The Albania MOU includes governance language, but the release leaves the hard mechanics unstated. There is no public detail on which datasets would train or tune Albanian-language reasoning models, how personal data would be excluded or controlled, which ministries would be first to deploy, or how model behavior would be audited once services go live.
Kaplan is chasing a real government AI budget line
MeetKai's Albania announcement fits a wider repositioning. MeetKai lists Albania among a run of 2026 government-facing announcements. In late June, the company said its Brazilian affiliate had won SERPRO's sovereign AI tender for Brazil (MeetKai Brasil named the final winner of SERPRO's sovereign AI contract). MeetKai has also announced sovereign AI work tied to Pakistan and multi-country pilots through regional organizations.
That cadence is the story behind the MOU. MeetKai is trying to become an implementation partner for governments that want national control over AI but do not have the internal stack to build, tune, deploy, and govern local-language systems alone. Albania gives Kaplan a European public-sector case study if the MOU turns into a functioning joint venture.
The market is moving in his direction. McKinsey estimates sovereign AI could represent a $600 billion market by 2030, driven by public-sector and regulated-industry workloads. The European Commission's Cloud and AI Development Act, published in June 2026, frames cloud and AI capacity as a sovereignty and competitiveness issue, with proposals for an EU-wide sovereignty framework, public-sector procurement tools, and a target to at least triple EU data center capacity over five to seven years.
MeetKai is not competing on the same basis as frontier-model labs with multi-billion-dollar training budgets.
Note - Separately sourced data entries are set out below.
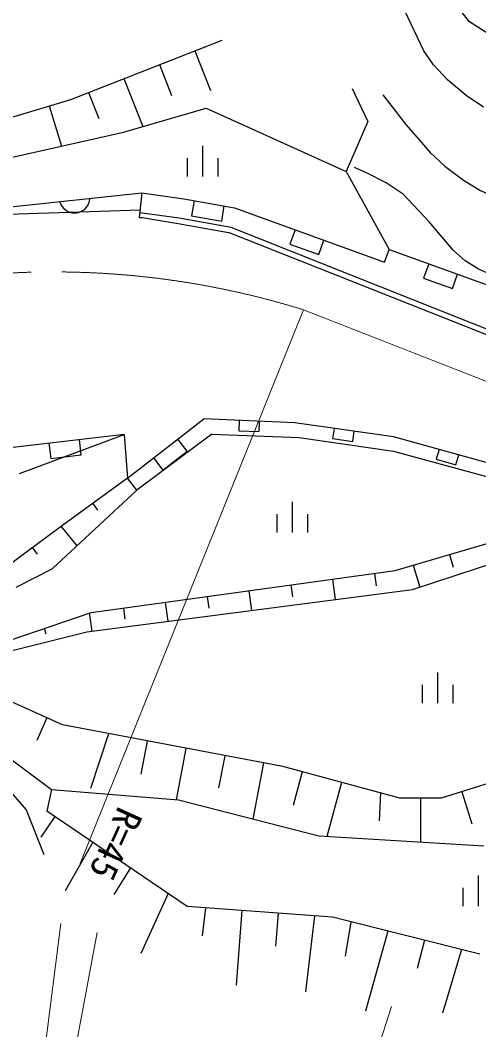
# Model space of a CAD drawing. Units: millimetres, scale not verified. Extents: x 40000 to 680000, y 20000 to 380000.
# Drawn here: x 286976 to 309400, y 269580 to 318868 of the extents above; entities that cross this region are included whole.
import ezdxf
from ezdxf.enums import TextEntityAlignment as Align

# ---------------------------------------------------------------- set-up
doc = ezdxf.new("R2010")
doc.units = ezdxf.units.MM
doc.header["$LTSCALE"] = 1000
doc.linetypes.add('CHAIN', pattern=[18.5, 12, -1.5, 3.5, -1.5])
for name, color, linetype, lineweight in [('M-BGD', 7, 'Continuous', 25), ('M-BMK', 2, 'CHAIN', 13), ('M-STR-HTXT', 7, 'Continuous', 13)]:
    doc.layers.add(name, color=color, linetype=linetype, lineweight=lineweight)
doc.styles.add('ＭＳ ゴシック', font='')
doc.styles.get('ＭＳ ゴシック').set_extended_font_data('MS Gothic')

msp = doc.modelspace()

# ---------------------------------------------------------------- linework, layer by layer
at = {"layer": 'M-BGD'}
for p, q in [((308946, 318795), (307103, 321165)), ((315002, 314846), (308946, 318795)), ((289449, 315004), (296853, 317894)), ((295522, 317375), (296279, 315437)), ((293787, 316697), (294374, 315193)), ((292052, 316020), (292968, 313673)), ((303205, 315531), (303980, 313922)), ((285233, 313727), (289449, 315004)), ((290316, 315343), (290816, 314061)), ((288395, 314685), (288989, 312723)), ((292036, 313406), (296076, 314567)), ((296076, 314567), (302907, 311478)), ((303980, 313922), (302907, 311478)), ((284730, 311769), (292036, 313406)), ((295884, 312739), (295884, 311239)), ((295134, 312139), (295134, 311239)), ((296634, 312139), (296634, 311239)), ((302907, 311478), (305024, 307669)), ((286365, 309742), (292931, 310444)), ((290353, 309987), (290394, 310172)), ((292931, 310444), (292796, 309232)), ((292931, 310444), (294971, 310142)), ((294971, 310142), (297461, 309715)), ((295477, 310055), (295350, 309316)), ((292837, 309600), (286390, 309390)), ((288902, 310013), (288981, 309841)), ((288981, 309841), (289086, 309701)), ((289086, 309701), (289251, 309568)), ((289251, 309568), (289410, 309494)), ((289834, 309479), (290007, 309558)), ((290007, 309558), (290146, 309663)), ((290146, 309663), (290279, 309828)), ((290279, 309828), (290353, 309987)), ((296828, 309062), (296955, 309801)), ((297461, 309715), (304786, 307051)), ((289410, 309494), (289595, 309454)), ((289595, 309454), (289834, 309479)), ((292796, 309232), (292942, 309236)), ((294743, 309203), (292823, 309465)), ((292942, 309236), (294703, 308944)), ((297284, 308747), (294743, 309203)), ((295350, 309316), (296828, 309062)), ((294703, 308944), (297165, 308510)), ((317359, 300772), (297284, 308747)), ((300419, 308639), (300162, 307934)), ((317195, 300557), (297165, 308510)), ((301572, 307422), (301828, 308126)), ((300162, 307934), (301572, 307422)), ((304786, 307051), (305024, 307669)), ((305024, 307669), (326083, 300097)), ((306951, 306976), (306697, 306271)), ((306697, 306271), (308109, 305763)), ((308109, 305763), (308362, 306469)), ((292220, 296505), (295958, 299404)), ((300406, 299209), (295958, 299404)), ((297683, 299328), (297661, 298829)), ((298660, 298785), (298682, 299285)), ((305228, 298535), (300406, 299209)), ((297661, 298829), (298660, 298785)), ((302322, 298941), (302253, 298446)), ((303243, 298307), (303312, 298803)), ((292057, 298644), (286204, 297965)), ((286937, 296745), (292057, 298644)), ((288385, 298218), (288472, 297473)), ((289962, 297646), (289875, 298391)), ((292057, 298644), (292220, 296505)), ((296341, 298662), (292682, 295917)), ((295141, 297821), (294682, 298414)), ((296341, 298662), (300609, 298501)), ((300609, 298501), (305228, 297827)), ((302253, 298446), (303243, 298307)), ((310641, 297028), (305228, 298535)), ((293956, 296902), (295141, 297821)), ((305228, 297827), (310319, 296444)), ((307453, 297915), (307319, 297434)), ((288472, 297473), (289962, 297646)), ((293496, 297495), (293956, 296902)), ((307319, 297434), (308282, 297165)), ((308282, 297165), (308416, 297647)), ((292220, 296505), (288860, 294068)), ((292682, 295917), (292220, 296505)), ((288536, 292091), (292682, 295917)), ((290533, 295281), (290759, 294948)), ((300272, 295360), (300272, 293860)), ((299522, 294760), (299522, 293860)), ((301022, 294760), (301022, 293860)), ((288860, 294068), (286343, 292199)), ((288982, 294157), (289753, 293214)), ((305313, 292001), (312386, 294077)), ((287578, 293116), (287805, 292802)), ((306160, 291077), (312517, 293161)), ((307965, 292779), (308144, 292172)), ((286774, 291192), (288536, 292091)), ((290450, 289952), (305313, 292001)), ((304291, 291860), (304374, 291255)), ((306197, 292260), (306511, 291192)), ((300202, 291296), (300283, 290711)), ((302247, 291578), (302383, 290586)), ((290238, 289008), (306160, 291077)), ((298158, 291014), (298290, 290054)), ((294069, 290451), (294197, 289522)), ((296114, 290732), (296192, 290166)), ((280824, 286666), (290450, 289952)), ((290345, 289937), (290478, 289039)), ((292025, 290169), (292101, 289621)), ((280824, 286666), (290238, 289008)), ((288156, 289169), (288228, 288908)), ((307382, 287022), (307382, 285522)), ((306632, 286422), (306632, 285522)), ((308132, 286422), (308132, 285522)), ((289043, 284469), (285825, 285916)), ((288285, 284809), (287789, 283705)), ((299816, 282429), (289043, 284469)), ((291290, 284031), (290412, 281360)), ((317596, 284017), (307562, 280889)), ((285687, 283416), (288515, 281311)), ((293185, 283675), (292880, 282053)), ((295080, 283319), (294609, 280815)), ((296974, 282963), (296680, 281396)), ((298869, 282607), (298355, 279870)), ((305540, 280889), (299816, 282429)), ((285437, 282411), (287270, 280326)), ((300770, 282172), (300329, 280532)), ((302678, 281659), (301968, 279019)), ((288515, 281311), (288279, 280257)), ((288515, 281311), (294712, 280806)), ((304586, 281145), (304522, 279787)), ((308566, 281202), (309056, 279629)), ((294712, 280806), (301579, 279042)), ((307562, 280889), (305540, 280889)), ((306551, 280889), (306551, 278748)), ((287270, 280326), (288133, 278133)), ((288674, 279989), (287994, 278986)), ((295142, 275608), (288279, 280257)), ((301579, 279042), (309638, 278565)), ((290522, 278738), (289169, 276361)), ((292370, 277486), (291556, 276188)), ((309368, 277109), (309368, 275609)), ((308618, 276509), (308618, 275609)), ((294218, 276234), (292879, 273312)), ((302247, 275084), (295142, 275608)), ((296030, 275543), (295870, 274175)), ((297806, 275412), (297539, 271759)), ((299582, 275280), (299466, 273657)), ((301359, 275149), (300932, 271442)), ((309448, 273272), (302247, 275084)), ((303147, 274857), (302859, 273168)), ((304947, 274404), (303856, 270497)), ((306747, 273951), (306383, 272575)), ((308547, 273498), (307619, 270385))]:
    msp.add_line(p, q, dxfattribs=at)
for points in [[(309631, 314623), (308787, 315196), (307861, 315963), (307191, 316685), (306714, 317372), (305786, 319322)], [(304701, 315230), (305829, 313771), (307023, 312412), (307740, 311737), (308645, 311050), (309482, 310556), (310553, 310062), (311874, 309597), (313252, 309222), (316921, 308442), (320882, 307488), (322400, 306995), (323866, 306403), (325097, 305786), (326315, 305061), (327769, 304034), (329178, 302913), (330746, 301646), (332545, 300340), (333689, 299682), (334948, 299088), (336384, 298545)], [(335537, 296784), (334072, 297427), (332656, 298159), (331289, 298981), (330079, 299832), (328140, 301301), (326171, 302650), (325087, 303240), (323668, 303872), (322372, 304298), (321035, 304628), (319064, 304976), (316836, 305262), (313953, 305607), (311255, 306039), (310281, 306317), (309379, 306706), (308724, 307118), (308138, 307636), (306975, 309024), (305698, 310370), (304872, 310920), (303976, 311378), (303324, 311674)]]:
    msp.add_lwpolyline(points, dxfattribs=at)
at = {"layer": 'M-BMK'}
msp.add_line((300822, 304733), (321994, 296451), dxfattribs=at)
msp.add_arc((288622, 265358), 41221, 72.7848, 120.7894, dxfattribs=at)
at = {"layer": 'M-STR-HTXT'}
for p, q in [((289904, 277693), (300822, 304733)), ((286990, 259442), (288969, 274773)), ((290747, 274327), (287908, 259322)), ((305127, 270711), (300310, 255913))]:
    msp.add_line(p, q, dxfattribs=at)

# ---------------------------------------------------------------- texts
at = {"layer": 'M-STR-HTXT', "style": 'ＭＳ ゴシック'}
msp.add_text('R=45', height=1320, rotation=245.6, dxfattribs=at).set_placement((291432, 280722), align=Align.BOTTOM_LEFT)

doc.saveas('drawing.dxf')

Its Albania pitch is narrower: local-language reasoning, deployment architecture, ministry integrations, and institutional knowledge transfer. That can be a defensible wedge if governments prioritize working systems inside their own legal and operational boundaries over access to the largest general-purpose model.
The next evidence will be contractual, technical, and operational. A signed MOU tells the market that AKSHI and MeetKai want to work together. It does not prove that Albania has procured the system, that MeetKai has secured the required compute, or that ministries will adopt the resulting tools. Kaplan has put MeetKai in the room with a government already willing to test AI in public administration. Turning that into durable infrastructure is the harder part.